McCann was born into an Irish republican family from the Clonard area of West Belfast. He was educated at primary level at St Gall's Primary School, Belfast, and at secondary level at St Mary's Grammar School on Belfast's Glen Road. McCann did not finish his education as he was arrested after becoming involved in rioting. He was charged and convicted of "riotous behaviour" and sentenced to six months in prison. Later that year McCann joined the Provisional IRA.[1] He was later convicted and sentenced to two years imprisonment for the possession of explosives.[citation needed]
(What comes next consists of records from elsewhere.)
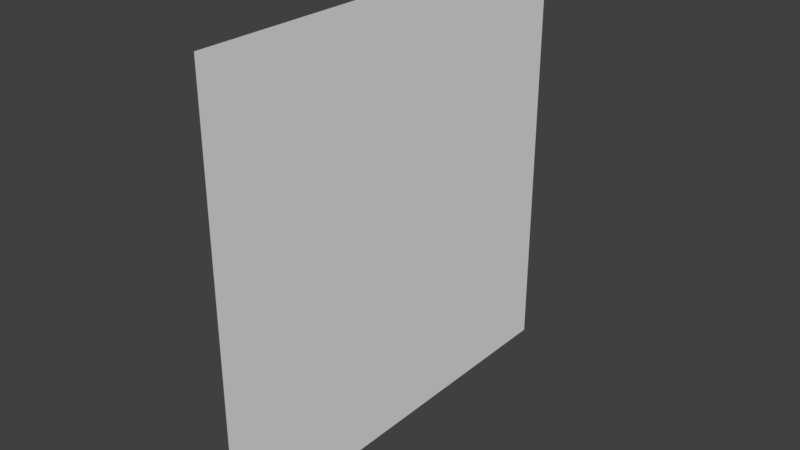 # Source: Thumbnail.blend  (saved by Blender 2.78.0; exported with 4.5.12 LTS)
import bpy
from mathutils import Matrix  # noqa: F401  (used for matrix-valued properties, if any)

bpy.ops.wm.read_factory_settings(use_empty=True)
scene = bpy.context.scene
scene.name = 'Scene'

# ---- collections
col_collection_1 = bpy.data.collections.new('Collection 1'); scene.collection.children.link(col_collection_1)

# ---- world
world_world = bpy.data.worlds.new('World'); scene.world = world_world
world_world.color = (0.05088, 0.05088, 0.05088)
world_world.use_sun_shadow = False
world_world.sun_shadow_jitter_overblur = 0.0
world_world.cycles.sampling_method = 'MANUAL'

# ---- meshes
me_plane = bpy.data.meshes.new('Plane')
me_plane.from_pydata([(-4.199e-08, 0.5562, 0.5562), (4.199e-08, -0.5562, 0.5562), (-4.199e-08, 0.5562, -0.5562), (4.199e-08, -0.5562, -0.5562)], [], [(0, 1, 3, 2)])
_uv = me_plane.uv_layers.new(name='UVMap')
_uv.uv.foreach_set('vector', [0.0001, 0.9999, 9.996e-05, 9.999e-05, 0.9999, 9.996e-05, 0.9999, 0.9999])
me_plane.use_remesh_preserve_volume = False
me_plane.use_remesh_preserve_attributes = False
me_plane.use_mirror_vertex_groups = False
me_plane.update()

# ---- objects
ob_plane = bpy.data.objects.new('Plane', me_plane)

# ---- transforms, parenting, visibility, modifiers, constraints
ob_plane.location = (0.0, 0.0, 0.0)
ob_plane.rotation_euler = (1.571, -0.0, 0.0)
ob_plane.lineart.crease_threshold = 0.0

# ---- collection membership
col_collection_1.objects.link(ob_plane)

# ---- scene / render settings (as saved in the file)
scene.frame_start = 1; scene.frame_end = 250; scene.frame_set(1)
scene.render.engine = 'CYCLES'
scene.render.resolution_percentage = 50
scene.render.dither_intensity = 0.0
scene.cycles.use_denoising = False
scene.cycles.samples = 128
scene.cycles.sampling_pattern = 'TABULATED_SOBOL'
scene.cycles.light_sampling_threshold = 0.0
scene.cycles.use_adaptive_sampling = False
scene.cycles.use_light_tree = False
scene.cycles.blur_glossy = 0.0
scene.cycles.sample_clamp_indirect = 0.0
scene.view_settings.view_transform = 'Standard'
bpy.context.view_layer.update()

# ---- added for rendering (the .blend has no active camera and no usable light): camera, sun
cam_auto = bpy.data.cameras.new('AutoCamera')
cam_auto.lens = 50.0
cam_auto.sensor_width = 36.0
cam_auto.clip_end = 1000.0
ob_auto_camera = bpy.data.objects.new('AutoCamera', cam_auto)
scene.collection.objects.link(ob_auto_camera)
ob_auto_camera.location = (1.45558, -1.7467, 1.16447)
ob_auto_camera.rotation_euler = (1.09748, -7.21219e-08, 0.694738)
scene.camera = ob_auto_camera
light_auto_sun = bpy.data.lights.new('AutoSun', 'SUN')
light_auto_sun.energy = 3.0
light_auto_sun.angle = 0.0523599
ob_auto_sun = bpy.data.objects.new('AutoSun', light_auto_sun)
scene.collection.objects.link(ob_auto_sun)
ob_auto_sun.rotation_euler = (0.872665, 0.174533, 0.523599)
bpy.context.view_layer.update()

According to the Royal Ulster Constabulary, in 1987 Seán Savage and Daniel McCann killed two RUC Special Branch officers at Belfast docks.[2][3]

In 1988, along with Mairead Farrell, they were sent to the British overseas territory of Gibraltar to plant a bomb in the town area targeting the British military band which paraded weekly in connection with the changing of the guard in front of the Governors' residence (see Operation Flavius).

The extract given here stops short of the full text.